Advent week 1: Promise

Today is the first day of Advent, the Sunday of week 1, and according to the old church calendar, the beginning of the church calendar year.  On this day, a family or church that would celebrate Advent would make or use an Advent wreath.  The wreath is a ring or circle of evergreen boughs with four candles fixed on all four sides.  It would look like this:

At the beginning of the Advent season, the wreath is dark.  There are no candles lit.  This is like the season of Winter.  The days are short and the nights are long; it is a season of darkness.  So why darkness?  Let’s talk about the darkness first, because knowing about the darkness makes the promise of God so much more exciting.  And Week 1 of Advent is about the promises of God.

Many people believe that humans were initially good, or believe today that we are born in innocence.  So what happened?  We can look around and see that the world is full of people that are wicked and evil, and that even in our own lives we have experienced the pain of betrayal, hatred, greed, and selfishness.  What happened to the goodness in people?  Yet somehow, despite not only seeing this today, and seeing this throughout history, we still have a longing that someday, things will be better.  We are constantly pursuing that, because it is a longing in our hearts.  I would say we were created with that longing in our hearts; we were meant to live in a peaceful, flourishing society.

The Bible has a story that helps us understand this.  The first books of the Bible were written over 3500 years ago.  In the very first chapters of the Bible, we read the story of Adam and Eve.  Adam was a man that was directly created by God.  God had just finished creating the entire universe, not just the earth, and to finish off his creation, he made Man in his own image, and called him Adam.  What does it mean to be made in God’s image?  Well, in contrast to the rest of creation, we have the capacity of creativity, complex communication, a high level of emotion, sacrificial love, destructive hate, and a longing to belong in community.  When we read about God in the Bible, we find that God has many of these attributes as well.  God, having created us, created a perfect environment for us to thrive in and to live in harmony.  But with all the gifts He gave us, he also gave us the capacity to choose.  After having been deceived by evil ideas given by Satan (an evil spirit, an angel who rebelled against God) we chose to walk away from God, dishonoring him and his offer of harmony on His terms.  We decided that we wanted to trust ourselves and seek a better life on our own terms.  And this has resulted in the chaos we see today.  This is what the Bible calls Sin.
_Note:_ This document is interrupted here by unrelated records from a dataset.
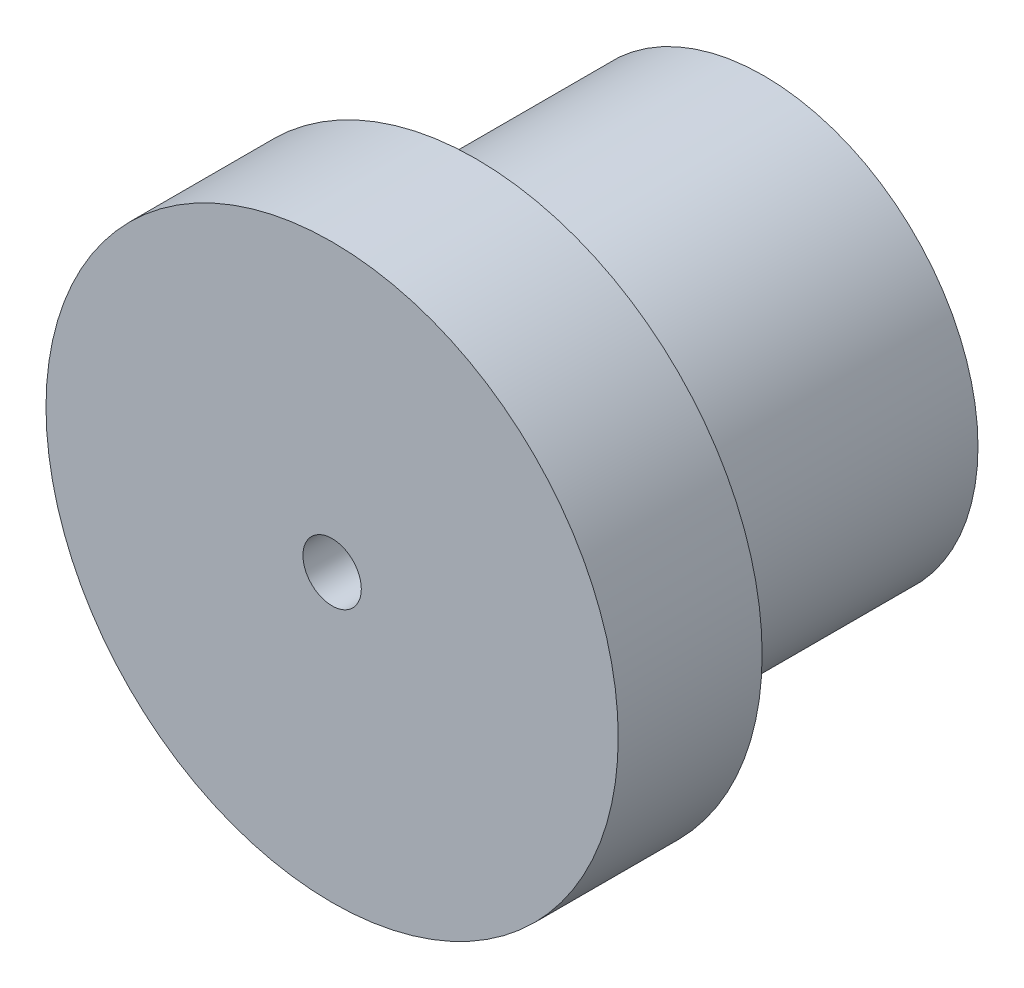
SolidWorks part; units mm, degrees
ref_plane "Front" through (0, 0, 0) normal (0, 0, 1) x (1, 0, 0)
ref_plane "Top" through (0, 0, 0) normal (0, 1, 0) x (1, 0, 0)
ref_plane "Right" through (0, 0, 0) normal (1, 0, 0) x (0, 0, -1)
sketch "Sketch1" plane through (0, 0, 0) normal (0, 0, 1) x (1, 0, 0)
  circle A0 centre (0, 0) radius 25.25
  circle A3 centre (0, 0) radius 25.4 construction
  dimension "D1" = 50.8
  dimension "D2" = 0.15
extrude "Boss-Extrude1" add sketch "Sketch1" against normal up to surface (12.7 mm away)
sketch "Sketch2" plane through (0, 0, -12.7) normal (0, 0, -1) x (-1, 0, 0)
  circle A0 centre (0, 0) radius 18.9
  circle A3 centre (0, 0) radius 19.05 construction
  dimension "D1" = 38.1
  dimension "D2" = 0.15
extrude "Boss-Extrude2" add sketch "Sketch2" along normal up to surface (25.4 mm away)
sketch "Sketch3" plane through (0, 0, -38.1) normal (0, 0, -1) x (-1, 0, 0)
  circle A0 centre (0, 0) radius 4.5
  dimension "D1" = 9
extrude "Cut-Extrude1" cut sketch "Sketch3" against normal blind 13
sketch "Sketch4" plane through (0, 0, 0) normal (0, 0, 1) x (1, 0, 0)
  line L0 (-2.24, 1.27) -> (2.24, 1.27)
  arc A0 (-2.24, 1.27) -> (2.24, 1.27) centre (0, 0) ccw
  arc A1 (2.24, 1.27) -> (-2.24, 1.27) centre (0, 0) ccw construction
  dimension "D1" = 5.15
  dimension "D2" = 4.48
extrude "Cut-Extrude2" cut sketch "Sketch4" against normal blind 20
sketch "Sketch5" plane through (0, 0, 0) normal (0, 0, 1) x (1, 0, 0)
  circle A0 centre (0, 0) radius 2.575
  dimension "D1" = 5.15
extrude "Cut-Extrude3" cut sketch "Sketch5" against normal blind 5

Yet in the third chapter of the Bible, God promises that he is going to work to restore the relationship between himself and humans.  He promises to send a savior, a man who would be able to release us from the curse we brought on ourselves.  A man who could destroy the sources of evil, and soften our hearts toward him so that we could know the love that He has for us.  A man born of a woman who would be bruised on the heel by Satan, but who would ultimately crush Satan’s head. (Genesis 3:15)

This is the promise of God!  We have sinned, we have done things we are not proud of.  We seek harmony, peace, and a “good life” but it always seems that we can never fully achieve it.  We have a longing to belong, but always feel that we can’t trust people enough to actually allow others to know us that well.  We have nowhere we truly belong.  God’s promise is that though we are helpless, he is gong to send a man who will restore us, redeem us, save us, give us a place to belong, and give us the future that we long for.  God has promised to fix it himself, and that through this man, our relationship with God would be restored.

“For to us a child is born, to us a son is given, and the government will bet n his shoulders.  And he will be called Wonderful Counselor, Mighty God, Everlasting Father, Prince of Peace.”  —Isaiah 9:6 ~740 BC

So back to the Advent wreath.  Today we light one candle.  In the darkness, there is a glimmer of hope.  God has promised that he will send his Son to restore our broken relationship, to heal our sickness, to forgive our sins, to erase our shame, to calm our fears.  The candle lit is a symbol of our hope being ignited.  In the darkness there is a bit of light.  

Hallelujah! (哈 利 路 亚) This is a Hebrew word meaning ‘Praise to God!’ 

How about you?  Do you feel the hopelessness around the world today?  What if you heard from God and he promised a savior?  What if you felt that hope?  How would it feel?  How would it change you?  We all have hopes in something.  Our hopes are fragile.  Have you ever had a hope that you knew no one could ever take away from you?